<<<<

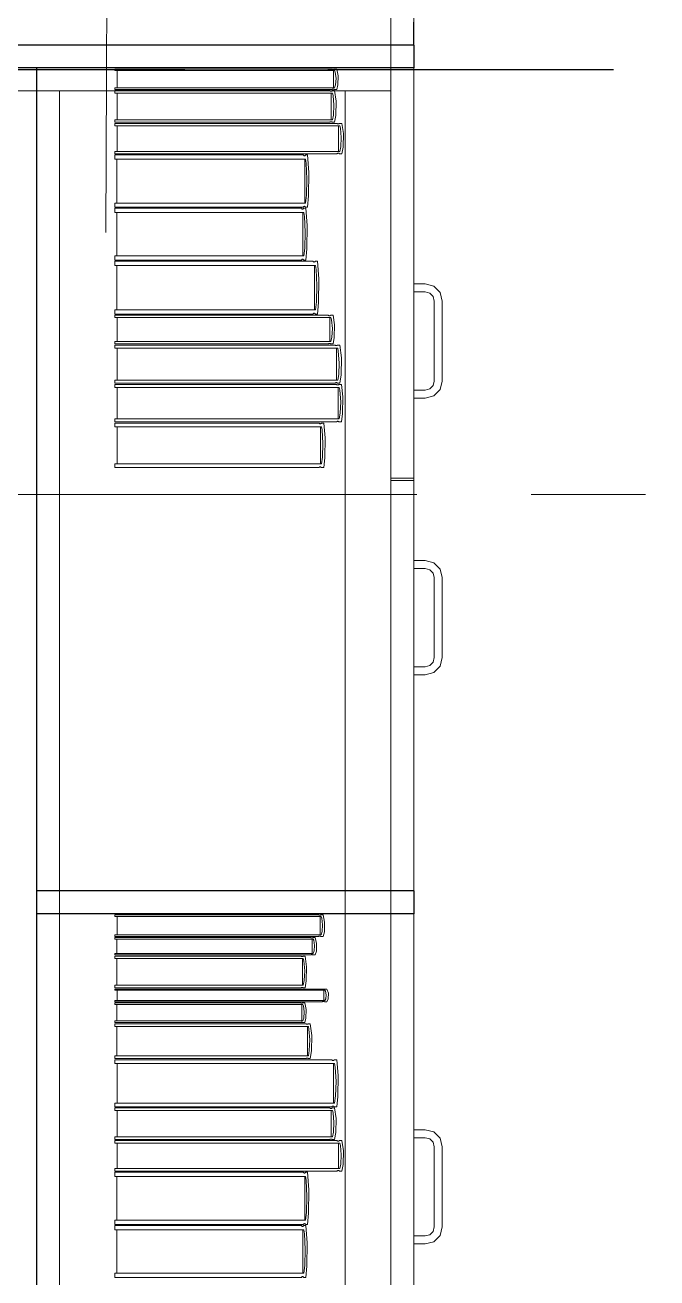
# Model space of a CAD drawing. Header units: inches. Extents: x -19 to 5698, y -728 to 92.
# Drawn here: x 311.124 to 311.677, y 33.721 to 34.818 of the extents above; entities that cross this region are included whole.
import ezdxf

# ---------------------------------------------------------------- set-up
doc = ezdxf.new("R2010")
doc.units = ezdxf.units.IN
doc.header["$MEASUREMENT"] = 0
doc.set_wipeout_variables(frame=1)
for name, pattern in [('HIDDEN', [0.375, 0.25, -0.125]), ('Punto & Raya', [0.65, 0.5, -0.075, 0, -0.075]), ('RAYITAS', [0.375, 0.25, -0.125]), ('Wipeout_Contour', [1, 0, -1])]:
    doc.linetypes.add(name, pattern=pattern)
for name, color, linetype, lineweight in [('00 conduct tomacorr', 120, 'HIDDEN', 30), ('T-TECHO-E', 150, 'Continuous', 20), ('TOMACORRIENTE', 22, 'RAYITAS', 9)]:
    doc.layers.add(name, color=color, linetype=linetype, lineweight=lineweight)
doc.layers.add('Interior - Mobiliario', color=7, linetype='Continuous')
doc.layers.add('Marcador - Secciones', color=7, linetype='Continuous')

# ---------------------------------------------------------------- blocks, each defined once
blk = doc.blocks.new('a')
at = {"layer": 'TOMACORRIENTE', "ltscale": 0.05}
h = blk.add_hatch(color=4, dxfattribs=at)
edge = h.paths.add_edge_path()
edge.add_arc((0, 0.0752), 0.02106, 0, 360)
at = {"layer": 'TOMACORRIENTE', "color": 4}
for p, q in [((-0.14553, 0.09625), (-0.0515, 0.09625)), ((-0.09851, 0.09625), (-0.09851, -0.09657)), ((0, 0.09625), (0, -0.09625)), ((0.06232, -0.09625), (0.06232, 0.09625))]:
    blk.add_line(p, q, dxfattribs=at)
blk.add_circle((0, 0.0752), 0.02106, dxfattribs=at)
blk = doc.blocks.new('CABLE 3FACE')
at = {"layer": 'T-TECHO-E', "rotation": 59.94170052614085}
blk.add_blockref('a', (0, 0), dxfattribs=at)

msp = doc.modelspace()

# ---------------------------------------------------------------- linework, layer by layer
at = {"layer": 'Interior - Mobiliario', "color": 175, "linetype": 'Continuous', "lineweight": 13}
for p, q in [((311.134, 34.78), (311.134, 33.32)), ((311.444, 34.78), (311.134, 34.78)), ((311.3977, 34.7651), (311.3979, 34.773)), ((311.444, 33.32), (311.444, 34.78)), ((311.3947, 34.7626), (311.2026, 34.7626)), ((311.2026, 34.7626), (311.2026, 34.7611)), ((311.3924, 34.7611), (311.3925, 34.7612)), ((311.3925, 34.7612), (311.3928, 34.7613)), ((311.3928, 34.7613), (311.3931, 34.7614)), ((311.3931, 34.7614), (311.3933, 34.7614)), ((311.3933, 34.7614), (311.3936, 34.7614)), ((311.3936, 34.7614), (311.3939, 34.7614)), ((311.3939, 34.7614), (311.3942, 34.7613)), ((311.3942, 34.7613), (311.3944, 34.7612)), ((311.3944, 34.7612), (311.3945, 34.7611)), ((311.3956, 34.7652), (311.3947, 34.7626)), ((311.3961, 34.7707), (311.3956, 34.7652)), ((311.3966, 34.7611), (311.3977, 34.7651)), ((311.404, 34.76), (311.154, 34.76)), ((311.2026, 34.7611), (311.3924, 34.7611)), ((311.3906, 34.7601), (311.2026, 34.7601)), ((311.2026, 34.7601), (311.2026, 34.7579)), ((311.2026, 34.7579), (311.3929, 34.7579)), ((311.2046, 34.7579), (311.2046, 34.7347)), ((311.3907, 34.76), (311.3906, 34.7601)), ((311.3909, 34.7599), (311.3907, 34.76)), ((311.3912, 34.7597), (311.3909, 34.7599)), ((311.3915, 34.7597), (311.3912, 34.7597)), ((311.3917, 34.7597), (311.3915, 34.7597)), ((311.392, 34.7597), (311.3917, 34.7597)), ((311.3919, 34.7347), (311.3919, 34.7579)), ((311.3923, 34.7598), (311.392, 34.7597)), ((311.3925, 34.76), (311.3923, 34.7598)), ((311.3927, 34.7601), (311.3925, 34.76)), ((311.3948, 34.7601), (311.3927, 34.7601)), ((311.3929, 34.7579), (311.3934, 34.7558)), ((311.3934, 34.7558), (311.3942, 34.7473)), ((311.3945, 34.7611), (311.3966, 34.7611)), ((311.3961, 34.7509), (311.3948, 34.7601)), ((311.3958, 34.7385), (311.3961, 34.7509)), ((311.444, 34.76), (311.404, 34.76)), ((311.3942, 34.7473), (311.3938, 34.7388)), ((311.3929, 34.7347), (311.2026, 34.7347)), ((311.2026, 34.7347), (311.2026, 34.7325)), ((311.2026, 34.7325), (311.3906, 34.7325)), ((311.3968, 34.7315), (311.2026, 34.7315)), ((311.2026, 34.7315), (311.2026, 34.7293)), ((311.2026, 34.7293), (311.3992, 34.7293)), ((311.2046, 34.7293), (311.2046, 34.707)), ((311.3906, 34.7325), (311.3907, 34.7326)), ((311.3907, 34.7326), (311.391, 34.7328)), ((311.391, 34.7328), (311.3912, 34.7329)), ((311.3912, 34.7329), (311.3915, 34.7329)), ((311.3915, 34.7329), (311.3918, 34.7329)), ((311.3918, 34.7329), (311.3921, 34.7329)), ((311.3921, 34.7329), (311.3924, 34.7327)), ((311.3924, 34.7327), (311.3926, 34.7326)), ((311.3926, 34.7326), (311.3927, 34.7325)), ((311.3927, 34.7325), (311.3948, 34.7325)), ((311.3938, 34.7388), (311.3929, 34.7347)), ((311.3948, 34.7325), (311.3958, 34.7385)), ((311.397, 34.7314), (311.3968, 34.7315)), ((311.3972, 34.7312), (311.397, 34.7314)), ((311.3975, 34.7311), (311.3972, 34.7312)), ((311.3978, 34.731), (311.3975, 34.7311)), ((311.3981, 34.731), (311.3978, 34.731)), ((311.3984, 34.7311), (311.3981, 34.731)), ((311.3982, 34.707), (311.3982, 34.7293)), ((311.3986, 34.7312), (311.3984, 34.7311)), ((311.3989, 34.7313), (311.3986, 34.7312)), ((311.399, 34.7315), (311.3989, 34.7313)), ((311.4012, 34.7315), (311.399, 34.7315)), ((311.3992, 34.7293), (311.3998, 34.7273)), ((311.4025, 34.7226), (311.4012, 34.7315)), ((311.3998, 34.7273), (311.4006, 34.7192)), ((311.4006, 34.7192), (311.4001, 34.711)), ((311.4023, 34.7107), (311.4025, 34.7226)), ((311.3992, 34.707), (311.2026, 34.707)), ((311.2026, 34.707), (311.2026, 34.7049)), ((311.4001, 34.711), (311.3992, 34.707)), ((311.4012, 34.7049), (311.4023, 34.7107)), ((311.2026, 34.7049), (311.3968, 34.7049)), ((311.3674, 34.7039), (311.2026, 34.7039)), ((311.2026, 34.7039), (311.2026, 34.7002)), ((311.2026, 34.7002), (311.3694, 34.7002)), ((311.2043, 34.7002), (311.2043, 34.6618)), ((311.3675, 34.7037), (311.3674, 34.7039)), ((311.3677, 34.7034), (311.3675, 34.7037)), ((311.368, 34.7032), (311.3677, 34.7034)), ((311.3682, 34.7031), (311.368, 34.7032)), ((311.3685, 34.7031), (311.3682, 34.7031)), ((311.3687, 34.7032), (311.3685, 34.7031)), ((311.3686, 34.6618), (311.3686, 34.7002)), ((311.3689, 34.7034), (311.3687, 34.7032)), ((311.3692, 34.7036), (311.3689, 34.7034)), ((311.3693, 34.7039), (311.3692, 34.7036)), ((311.3711, 34.7039), (311.3693, 34.7039)), ((311.3694, 34.7002), (311.3699, 34.6968)), ((311.3699, 34.6968), (311.3706, 34.6827)), ((311.3723, 34.6886), (311.3711, 34.7039)), ((311.3968, 34.7049), (311.397, 34.705)), ((311.397, 34.705), (311.3973, 34.7052)), ((311.3973, 34.7052), (311.3975, 34.7053)), ((311.3975, 34.7053), (311.3978, 34.7053)), ((311.3978, 34.7053), (311.3981, 34.7053)), ((311.3981, 34.7053), (311.3984, 34.7053)), ((311.3984, 34.7053), (311.3987, 34.7052)), ((311.3987, 34.7052), (311.3989, 34.705)), ((311.3989, 34.705), (311.399, 34.7049)), ((311.399, 34.7049), (311.4012, 34.7049)), ((311.372, 34.6682), (311.3723, 34.6886)), ((311.3706, 34.6827), (311.3702, 34.6687)), ((311.3702, 34.6687), (311.3694, 34.6618)), ((311.3711, 34.6582), (311.372, 34.6682)), ((311.3694, 34.6618), (311.2026, 34.6618)), ((311.2026, 34.6618), (311.2026, 34.6582)), ((311.2026, 34.6582), (311.3674, 34.6582)), ((311.3659, 34.6572), (311.2026, 34.6572)), ((311.2026, 34.6572), (311.2026, 34.6535)), ((311.2026, 34.6535), (311.3679, 34.6535)), ((311.2043, 34.6535), (311.2043, 34.6155)), ((311.366, 34.657), (311.3659, 34.6572)), ((311.3662, 34.6567), (311.366, 34.657)), ((311.3664, 34.6565), (311.3662, 34.6567)), ((311.3667, 34.6564), (311.3664, 34.6565)), ((311.3669, 34.6564), (311.3667, 34.6564)), ((311.3672, 34.6565), (311.3669, 34.6564)), ((311.3671, 34.6155), (311.3671, 34.6535)), ((311.3674, 34.6567), (311.3672, 34.6565)), ((311.3674, 34.6582), (311.3676, 34.6584)), ((311.3676, 34.6569), (311.3674, 34.6567)), ((311.3676, 34.6584), (311.3678, 34.6587)), ((311.3677, 34.6572), (311.3676, 34.6569)), ((311.3696, 34.6572), (311.3677, 34.6572)), ((311.3678, 34.6587), (311.368, 34.6588)), ((311.3679, 34.6535), (311.3684, 34.6501)), ((311.368, 34.6588), (311.3683, 34.6589)), ((311.3683, 34.6589), (311.3685, 34.6589)), ((311.3685, 34.6589), (311.3688, 34.6588)), ((311.3688, 34.6588), (311.369, 34.6586)), ((311.369, 34.6586), (311.3692, 34.6583)), ((311.3692, 34.6583), (311.3693, 34.6582)), ((311.3693, 34.6582), (311.3711, 34.6582)), ((311.3707, 34.6421), (311.3696, 34.6572)), ((311.3684, 34.6501), (311.3691, 34.6362)), ((311.3705, 34.6218), (311.3707, 34.6421)), ((311.3691, 34.6362), (311.3687, 34.6223)), ((311.3687, 34.6223), (311.3679, 34.6155)), ((311.3696, 34.6119), (311.3705, 34.6218)), ((311.3679, 34.6155), (311.2026, 34.6155)), ((311.2026, 34.6155), (311.2026, 34.6119)), ((311.2026, 34.6119), (311.3659, 34.6119)), ((311.3759, 34.6109), (311.2026, 34.6109)), ((311.2026, 34.6109), (311.2026, 34.6072)), ((311.3659, 34.6119), (311.366, 34.6121)), ((311.366, 34.6121), (311.3662, 34.6124)), ((311.3662, 34.6124), (311.3665, 34.6126)), ((311.3665, 34.6126), (311.3667, 34.6126)), ((311.3667, 34.6126), (311.367, 34.6126)), ((311.367, 34.6126), (311.3672, 34.6125)), ((311.3672, 34.6125), (311.3674, 34.6123)), ((311.3674, 34.6123), (311.3676, 34.6121)), ((311.3676, 34.6121), (311.3677, 34.6119)), ((311.3677, 34.6119), (311.3696, 34.6119)), ((311.376, 34.6107), (311.3759, 34.6109)), ((311.3763, 34.6104), (311.376, 34.6107)), ((311.3765, 34.6102), (311.3763, 34.6104)), ((311.3768, 34.6101), (311.3765, 34.6102)), ((311.377, 34.6101), (311.3768, 34.6101)), ((311.3773, 34.6102), (311.377, 34.6101)), ((311.3775, 34.6104), (311.3773, 34.6102)), ((311.3778, 34.6106), (311.3775, 34.6104)), ((311.3779, 34.6109), (311.3778, 34.6106)), ((311.3798, 34.6109), (311.3779, 34.6109)), ((311.381, 34.5954), (311.3798, 34.6109)), ((311.2026, 34.6072), (311.3781, 34.6072)), ((311.2044, 34.6072), (311.2044, 34.5683)), ((311.3772, 34.5683), (311.3772, 34.6072)), ((311.3781, 34.6072), (311.3786, 34.6037)), ((311.3786, 34.6037), (311.3793, 34.5895)), ((311.3793, 34.5895), (311.3789, 34.5752)), ((311.3808, 34.5747), (311.381, 34.5954)), ((311.474, 34.591), (311.464, 34.591)), ((311.464, 34.591), (311.464, 34.584)), ((311.4815, 34.589), (311.474, 34.591)), ((311.487, 34.5835), (311.4815, 34.589)), ((311.3789, 34.5752), (311.3781, 34.5683)), ((311.464, 34.584), (311.474, 34.584)), ((311.474, 34.584), (311.478, 34.5829)), ((311.478, 34.5829), (311.4809, 34.58)), ((311.4809, 34.58), (311.482, 34.576)), ((311.482, 34.576), (311.482, 34.506)), ((311.489, 34.576), (311.487, 34.5835)), ((311.489, 34.506), (311.489, 34.576)), ((311.3781, 34.5683), (311.2026, 34.5683)), ((311.2026, 34.5683), (311.2026, 34.5646)), ((311.2026, 34.5646), (311.3759, 34.5646)), ((311.3759, 34.5646), (311.3761, 34.5648)), ((311.3761, 34.5648), (311.3763, 34.5651)), ((311.3763, 34.5651), (311.3766, 34.5653)), ((311.3766, 34.5653), (311.3768, 34.5653)), ((311.3768, 34.5653), (311.3771, 34.5653)), ((311.3771, 34.5653), (311.3773, 34.5652)), ((311.3773, 34.5652), (311.3776, 34.565)), ((311.3776, 34.565), (311.3778, 34.5648)), ((311.3778, 34.5648), (311.3779, 34.5646)), ((311.3779, 34.5646), (311.3798, 34.5646)), ((311.3798, 34.5646), (311.3808, 34.5747)), ((311.3892, 34.5636), (311.2026, 34.5636)), ((311.2026, 34.5636), (311.2026, 34.5616)), ((311.2026, 34.5616), (311.3915, 34.5616)), ((311.2045, 34.5616), (311.2045, 34.5405)), ((311.3893, 34.5635), (311.3892, 34.5636)), ((311.3896, 34.5633), (311.3893, 34.5635)), ((311.3898, 34.5632), (311.3896, 34.5633)), ((311.3901, 34.5632), (311.3898, 34.5632)), ((311.3904, 34.5632), (311.3901, 34.5632)), ((311.3906, 34.5632), (311.3904, 34.5632)), ((311.3905, 34.5405), (311.3905, 34.5616)), ((311.3909, 34.5633), (311.3906, 34.5632)), ((311.3912, 34.5634), (311.3909, 34.5633)), ((311.3913, 34.5636), (311.3912, 34.5634)), ((311.3934, 34.5636), (311.3913, 34.5636)), ((311.3915, 34.5616), (311.392, 34.5597)), ((311.392, 34.5597), (311.3928, 34.552)), ((311.3947, 34.5552), (311.3934, 34.5636)), ((311.3944, 34.544), (311.3947, 34.5552)), ((311.3924, 34.5443), (311.3915, 34.5405)), ((311.3928, 34.552), (311.3924, 34.5443)), ((311.3934, 34.5385), (311.3944, 34.544)), ((311.3915, 34.5405), (311.2026, 34.5405)), ((311.2026, 34.5405), (311.2026, 34.5385)), ((311.2026, 34.5385), (311.3892, 34.5385)), ((311.3951, 34.5375), (311.2026, 34.5375)), ((311.2026, 34.5375), (311.2026, 34.5348)), ((311.2026, 34.5348), (311.3975, 34.5348)), ((311.2046, 34.5348), (311.2046, 34.5068)), ((311.3892, 34.5385), (311.3894, 34.5386)), ((311.3894, 34.5386), (311.3896, 34.5388)), ((311.3896, 34.5388), (311.3899, 34.5389)), ((311.3899, 34.5389), (311.3902, 34.5389)), ((311.3902, 34.5389), (311.3904, 34.5389)), ((311.3904, 34.5389), (311.3907, 34.5389)), ((311.3907, 34.5389), (311.391, 34.5388)), ((311.391, 34.5388), (311.3912, 34.5386)), ((311.3912, 34.5386), (311.3913, 34.5385)), ((311.3913, 34.5385), (311.3934, 34.5385)), ((311.3952, 34.5374), (311.3951, 34.5375)), ((311.3955, 34.5372), (311.3952, 34.5374)), ((311.3957, 34.537), (311.3955, 34.5372)), ((311.396, 34.537), (311.3957, 34.537)), ((311.3963, 34.537), (311.396, 34.537)), ((311.3966, 34.537), (311.3963, 34.537)), ((311.3965, 34.5068), (311.3965, 34.5348)), ((311.3969, 34.5371), (311.3966, 34.537)), ((311.3971, 34.5373), (311.3969, 34.5371)), ((311.3973, 34.5375), (311.3971, 34.5373)), ((311.3994, 34.5375), (311.3973, 34.5375)), ((311.3975, 34.5348), (311.398, 34.5323)), ((311.398, 34.5323), (311.3989, 34.5221)), ((311.4008, 34.5264), (311.3994, 34.5375)), ((311.3989, 34.5221), (311.3984, 34.5118)), ((311.4005, 34.5114), (311.4008, 34.5264)), ((311.3984, 34.5118), (311.3975, 34.5068)), ((311.3994, 34.5041), (311.4005, 34.5114)), ((311.3975, 34.5068), (311.2026, 34.5068)), ((311.2026, 34.5068), (311.2026, 34.5041)), ((311.2026, 34.5041), (311.3951, 34.5041)), ((311.3964, 34.5031), (311.2026, 34.5031)), ((311.2026, 34.5031), (311.2026, 34.5005)), ((311.2026, 34.5005), (311.3988, 34.5005)), ((311.2046, 34.5005), (311.2046, 34.4729)), ((311.3951, 34.5041), (311.3953, 34.5043)), ((311.3953, 34.5043), (311.3955, 34.5045)), ((311.3955, 34.5045), (311.3958, 34.5046)), ((311.3958, 34.5046), (311.3961, 34.5047)), ((311.3961, 34.5047), (311.3964, 34.5047)), ((311.3964, 34.5047), (311.3967, 34.5046)), ((311.3965, 34.503), (311.3964, 34.5031)), ((311.3968, 34.5028), (311.3965, 34.503)), ((311.3967, 34.5046), (311.3969, 34.5044)), ((311.397, 34.5027), (311.3968, 34.5028)), ((311.3969, 34.5044), (311.3972, 34.5042)), ((311.3973, 34.5026), (311.397, 34.5027)), ((311.3972, 34.5042), (311.3973, 34.5041)), ((311.3973, 34.5041), (311.3994, 34.5041)), ((311.3976, 34.5026), (311.3973, 34.5026)), ((311.3979, 34.5026), (311.3976, 34.5026)), ((311.3978, 34.4729), (311.3978, 34.5005)), ((311.3982, 34.5028), (311.3979, 34.5026)), ((311.3984, 34.5029), (311.3982, 34.5028)), ((311.3986, 34.5031), (311.3984, 34.5029)), ((311.4007, 34.5031), (311.3986, 34.5031)), ((311.3988, 34.5005), (311.3993, 34.498)), ((311.4021, 34.4922), (311.4007, 34.5031)), ((311.478, 34.4991), (311.474, 34.498)), ((311.4809, 34.502), (311.478, 34.4991)), ((311.482, 34.506), (311.4809, 34.502)), ((311.4815, 34.493), (311.487, 34.4985)), ((311.487, 34.4985), (311.489, 34.506)), ((311.3993, 34.498), (311.4002, 34.4879)), ((311.4002, 34.4879), (311.3997, 34.4778)), ((311.4018, 34.4775), (311.4021, 34.4922)), ((311.464, 34.498), (311.464, 34.491)), ((311.474, 34.498), (311.464, 34.498)), ((311.464, 34.491), (311.474, 34.491)), ((311.474, 34.491), (311.4815, 34.493)), ((311.3997, 34.4778), (311.3988, 34.4729)), ((311.4007, 34.4702), (311.4018, 34.4775)), ((311.3988, 34.4729), (311.2026, 34.4729)), ((311.2026, 34.4729), (311.2026, 34.4702)), ((311.2026, 34.4702), (311.3964, 34.4702)), ((311.3812, 34.4692), (311.2026, 34.4692)), ((311.2026, 34.4692), (311.2026, 34.4661)), ((311.2026, 34.4661), (311.3833, 34.4661)), ((311.2045, 34.4661), (311.2045, 34.4335)), ((311.3813, 34.4691), (311.3812, 34.4692)), ((311.3815, 34.4689), (311.3813, 34.4691)), ((311.3817, 34.4687), (311.3815, 34.4689)), ((311.382, 34.4686), (311.3817, 34.4687)), ((311.3823, 34.4686), (311.382, 34.4686)), ((311.3825, 34.4687), (311.3823, 34.4686)), ((311.3824, 34.4335), (311.3824, 34.4661)), ((311.3828, 34.4688), (311.3825, 34.4687)), ((311.383, 34.469), (311.3828, 34.4688)), ((311.3832, 34.4692), (311.383, 34.469)), ((311.3852, 34.4692), (311.3832, 34.4692)), ((311.3833, 34.4661), (311.3839, 34.4632)), ((311.3864, 34.4563), (311.3852, 34.4692)), ((311.3964, 34.4702), (311.3966, 34.4704)), ((311.3966, 34.4704), (311.3968, 34.4706)), ((311.3968, 34.4706), (311.3971, 34.4707)), ((311.3971, 34.4707), (311.3974, 34.4708)), ((311.3974, 34.4708), (311.3977, 34.4708)), ((311.3977, 34.4708), (311.398, 34.4707)), ((311.398, 34.4707), (311.3982, 34.4706)), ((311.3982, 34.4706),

>>>>

■ REQUIRED ACTION: After dropping the pictures, reproduce exactly the lines from the first line of the entries through the line containing "import ezdxf", both included.

■ WRITTEN ANSWER:
# Model space of a CAD drawing. Header units: inches. Extents: x -19 to 5698, y -728 to 92.
# Drawn here: x 311.124 to 311.677, y 33.721 to 34.818 of the extents above; entities that cross this region are included whole.
import ezdxf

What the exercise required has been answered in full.